Reproduce the data exactly as it stands.

## RECORD EXCERPTS

#####

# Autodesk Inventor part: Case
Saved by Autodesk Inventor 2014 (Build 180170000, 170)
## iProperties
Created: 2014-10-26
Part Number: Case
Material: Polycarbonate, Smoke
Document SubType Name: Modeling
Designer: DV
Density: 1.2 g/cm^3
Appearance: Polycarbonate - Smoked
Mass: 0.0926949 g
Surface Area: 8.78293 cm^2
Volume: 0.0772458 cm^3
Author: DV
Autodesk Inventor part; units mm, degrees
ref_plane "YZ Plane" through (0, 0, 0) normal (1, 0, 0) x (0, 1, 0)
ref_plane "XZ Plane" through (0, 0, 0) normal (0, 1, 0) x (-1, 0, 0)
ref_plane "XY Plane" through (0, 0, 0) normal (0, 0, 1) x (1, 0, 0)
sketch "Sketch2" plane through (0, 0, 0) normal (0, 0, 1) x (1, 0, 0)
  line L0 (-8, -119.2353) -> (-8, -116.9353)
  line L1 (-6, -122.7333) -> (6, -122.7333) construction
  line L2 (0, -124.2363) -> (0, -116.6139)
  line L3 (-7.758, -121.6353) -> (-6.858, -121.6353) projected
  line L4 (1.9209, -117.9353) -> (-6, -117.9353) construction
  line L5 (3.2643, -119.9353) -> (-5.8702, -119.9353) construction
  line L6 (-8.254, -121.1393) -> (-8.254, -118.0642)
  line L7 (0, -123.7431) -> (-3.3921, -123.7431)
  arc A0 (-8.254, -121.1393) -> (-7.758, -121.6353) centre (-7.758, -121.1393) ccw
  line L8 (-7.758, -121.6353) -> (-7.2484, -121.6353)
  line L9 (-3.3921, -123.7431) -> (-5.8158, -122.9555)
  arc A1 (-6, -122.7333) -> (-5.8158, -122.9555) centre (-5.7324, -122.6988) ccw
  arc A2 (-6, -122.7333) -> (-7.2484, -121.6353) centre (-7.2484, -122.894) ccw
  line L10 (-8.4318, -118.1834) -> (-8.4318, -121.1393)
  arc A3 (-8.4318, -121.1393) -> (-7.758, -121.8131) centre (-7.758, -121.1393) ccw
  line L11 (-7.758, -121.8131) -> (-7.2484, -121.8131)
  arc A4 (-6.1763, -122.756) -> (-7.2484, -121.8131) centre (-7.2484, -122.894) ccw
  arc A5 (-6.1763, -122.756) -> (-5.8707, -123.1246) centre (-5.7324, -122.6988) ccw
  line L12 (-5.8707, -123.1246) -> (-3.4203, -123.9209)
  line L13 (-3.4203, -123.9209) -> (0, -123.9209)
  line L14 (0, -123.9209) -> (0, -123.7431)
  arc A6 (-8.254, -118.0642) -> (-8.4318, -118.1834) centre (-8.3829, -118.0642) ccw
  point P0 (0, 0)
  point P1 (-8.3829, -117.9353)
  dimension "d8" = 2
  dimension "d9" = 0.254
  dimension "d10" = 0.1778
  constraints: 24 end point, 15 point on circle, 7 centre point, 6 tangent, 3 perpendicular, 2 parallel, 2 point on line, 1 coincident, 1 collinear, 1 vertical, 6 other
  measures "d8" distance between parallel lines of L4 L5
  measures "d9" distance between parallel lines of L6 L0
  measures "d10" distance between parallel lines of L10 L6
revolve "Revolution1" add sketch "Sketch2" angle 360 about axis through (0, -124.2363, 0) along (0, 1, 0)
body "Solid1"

#####

## SOLUTION FOR THIS PROBLEM
# Autodesk Inventor part: Case
Saved by Autodesk Inventor 2014 (Build 180170000, 170)
## iProperties
Created: 2014-10-26
Part Number: Case
Material: Polycarbonate, Smoke
Document SubType Name: Modeling
Designer: DV
Density: 1.2 g/cm^3
Appearance: Polycarbonate - Smoked
Mass: 0.0926949 g
Surface Area: 8.78293 cm^2
Volume: 0.0772458 cm^3
Author: DV
Autodesk Inventor part; units mm, degrees
ref_plane "YZ Plane" through (0, 0, 0) normal (1, 0, 0) x (0, 1, 0)
ref_plane "XZ Plane" through (0, 0, 0) normal (0, 1, 0) x (-1, 0, 0)
ref_plane "XY Plane" through (0, 0, 0) normal (0, 0, 1) x (1, 0, 0)
sketch "Sketch2" plane through (0, 0, 0) normal (0, 0, 1) x (1, 0, 0)
  line L0 (-8, -119.2353) -> (-8, -116.9353)
  line L1 (-6, -122.7333) -> (6, -122.7333) construction
  line L2 (0, -124.2363) -> (0, -116.6139)
  line L3 (-7.758, -121.6353) -> (-6.858, -121.6353) projected
  line L4 (1.9209, -117.9353) -> (-6, -117.9353) construction
  line L5 (3.2643, -119.9353) -> (-5.8702, -119.9353) construction
  line L6 (-8.254, -121.1393) -> (-8.254, -118.0642)
  line L7 (0, -123.7431) -> (-3.3921, -123.7431)
  arc A0 (-8.254, -121.1393) -> (-7.758, -121.6353) centre (-7.758, -121.1393) ccw
  line L8 (-7.758, -121.6353) -> (-7.2484, -121.6353)
  line L9 (-3.3921, -123.7431) -> (-5.8158, -122.9555)
  arc A1 (-6, -122.7333) -> (-5.8158, -122.9555) centre (-5.7324, -122.6988) ccw
  arc A2 (-6, -122.7333) -> (-7.2484, -121.6353) centre (-7.2484, -122.894) ccw
  line L10 (-8.4318, -118.1834) -> (-8.4318, -121.1393)
  arc A3 (-8.4318, -121.1393) -> (-7.758, -121.8131) centre (-7.758, -121.1393) ccw
  line L11 (-7.758, -121.8131) -> (-7.2484, -121.8131)
  arc A4 (-6.1763, -122.756) -> (-7.2484, -121.8131) centre (-7.2484, -122.894) ccw
  arc A5 (-6.1763, -122.756) -> (-5.8707, -123.1246) centre (-5.7324, -122.6988) ccw
  line L12 (-5.8707, -123.1246) -> (-3.4203, -123.9209)
  line L13 (-3.4203, -123.9209) -> (0, -123.9209)
  line L14 (0, -123.9209) -> (0, -123.7431)
  arc A6 (-8.254, -118.0642) -> (-8.4318, -118.1834) centre (-8.3829, -118.0642) ccw
  point P0 (0, 0)
  point P1 (-8.3829, -117.9353)
  dimension "d8" = 2
  dimension "d9" = 0.254
  dimension "d10" = 0.1778
  constraints: 24 end point, 15 point on circle, 7 centre point, 6 tangent, 3 perpendicular, 2 parallel, 2 point on line, 1 coincident, 1 collinear, 1 vertical, 6 other
  measures "d8" distance between parallel lines of L4 L5
  measures "d9" distance between parallel lines of L6 L0
  measures "d10" distance between parallel lines of L10 L6
revolve "Revolution1" add sketch "Sketch2" angle 360 about axis through (0, -124.2363, 0) along (0, 1, 0)
body "Solid1"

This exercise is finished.